Karlyn Carnahan, Head, The Americas, Property Casualty, Celent (Boston) has been gauging executives’ response to the crisis through snap polls and direct conversations. Generally speaking, she has found that leaders want to strengthen capabilities that proved useful during the crisis. “More than one carrier has told me that this has accelerated senior executive interest in areas such moving applications to the cloud,” she notes. “Today they’re much more interested in acquiring the capability to be a completely virtual insurer.”
To the extent that the COVID-19 crisis tested digital progress, it has been an eye-opener for many insurers, suggests Carnahan. “Many senior executives thought they were prepared for WFH but didn’t realize that they needed people on premise for certain tasks,” she comments. “It wasn’t something that registered at the senior executive level in the business continuity plan.”
‘Essential’ but Non-Strategic
That revelation has led to another. As Carnahan remarked in comments about Celent’s recent study, COVID-19: Three Scenarios for Insurers, “if you move to the cloud, you don’t need to manage infrastructure; if you outsource billing and payments, you don’t need anybody to print checks, etc.—and there are vendors offering these services,” she says. “We have all of these ‘essential’ employees whose activities are not strategic.”
Insurers recognizing their continued dependence on physically present workers are likely to explore solutions that both increase their resiliency to pandemic and introduce new efficiencies, Carnahan affirms.
Payments vendor One Inc.’s (Folsom, Calif.) CEO Chris Ewing believes that the challenges of COVID-19 are likely to corroborate the digital value proposition of the company’s solutions. “Our payments platform has enabled our customers to maintain contact with their policyholders, offering confidence that business can continue even through the most extreme circumstances,” he comments. “Fast and secure digital payments are what is needed now and in the future especially when a physical payment method is not a viable option for the health and well-being of employees or insureds.”

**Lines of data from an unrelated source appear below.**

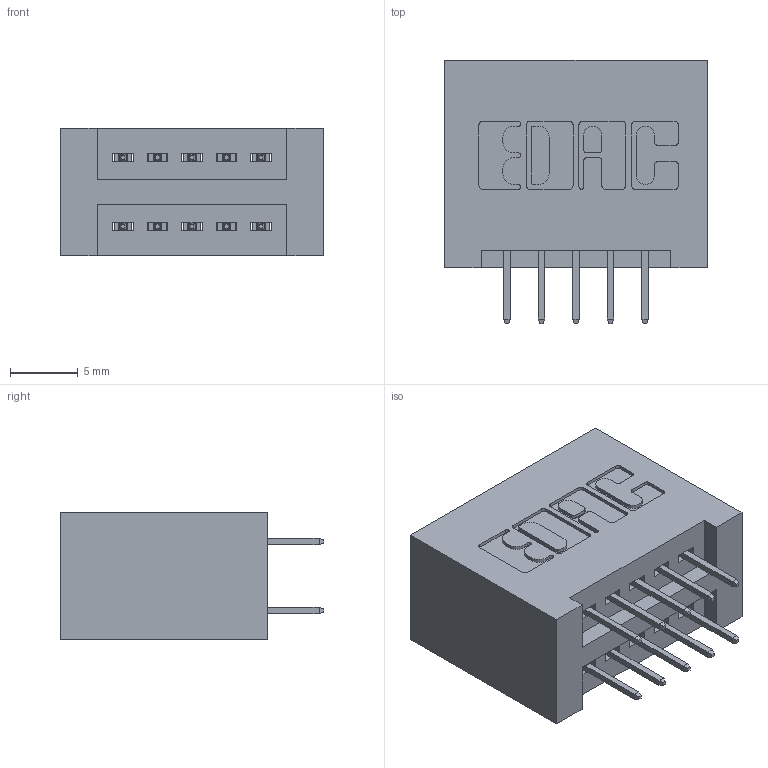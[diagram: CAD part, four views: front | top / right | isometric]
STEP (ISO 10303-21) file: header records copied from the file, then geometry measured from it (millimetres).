
FILE_DESCRIPTION (( 'STEP AP203' ), '1' );
FILE_NAME ('395-010-524-201.STEP', '2018-10-24T04:23:37', ( '' ), ( '' ), 'SwSTEP 2.0', 'SolidWorks 2016', '' );
FILE_SCHEMA (( 'CONFIG_CONTROL_DESIGN' ));
Length unit declared in the file: inch
Products named in the file (3): 345-292-001_345-293-124; 395-010-524-201; 345 Part_No Mounting Lugs
Assembly tree (11 placements, depth 2):
  395-010-524-201
    345 Part_No Mounting Lugs
    345-292-001_345-293-124  x10
Bounding box: 19.3 x 19.35 x 9.4 mm (x, y, z)
Volume: 2132.5 mm3; surface area: 2699 mm2
Topology: 11 solids, 11 shells, 658 faces, 1847 edges, 1190 vertices
Faces by surface type: plane 466, cylinder 192
Entity records: 8701 total; most frequent: CARTESIAN_POINT 1492, ORIENTED_EDGE 1426, DIRECTION 1357, EDGE_CURVE 713, LINE 573, VECTOR 573, VERTEX_POINT 470, AXIS2_PLACEMENT_3D 392

COVID-19 is also likely to increase the appeal of cloud-based core insurance applications and related applications and ecosystems, according to Denise Garth, SVP, Strategic Marketing at core system/platform vendor Majesco (Morristown, N.J.). In Garth’s view, the advance of digital technologies was already creating cracks in the traditional insurance business model, and the pandemic has only widened them, creating potential reputational, operational and financial risk for the industry.
If the pandemic is driving a “new normal,” it’s less a question of destination than time-of-arrival, as Garth sees it. Cloud-first core systems are delivering a variety of advantages that highlight the operational and strategic value of innovation. In addition to flexibility and scale, Garth says these systems more easily deliver a variety of benefits, including:
- Innovative business processes, such as fluidless underwriting for life insurance, or digital auto or property claims using video or aerial images that meet the customer needs of social distancing;
- Rapid implementation of product changes such as premium rebates or new value added offerings;
- New billing options that meet the unique needs of customer financial challenges; and
- Digital customer platforms that provide an online, real-time customer experience comparable to that of online retailers.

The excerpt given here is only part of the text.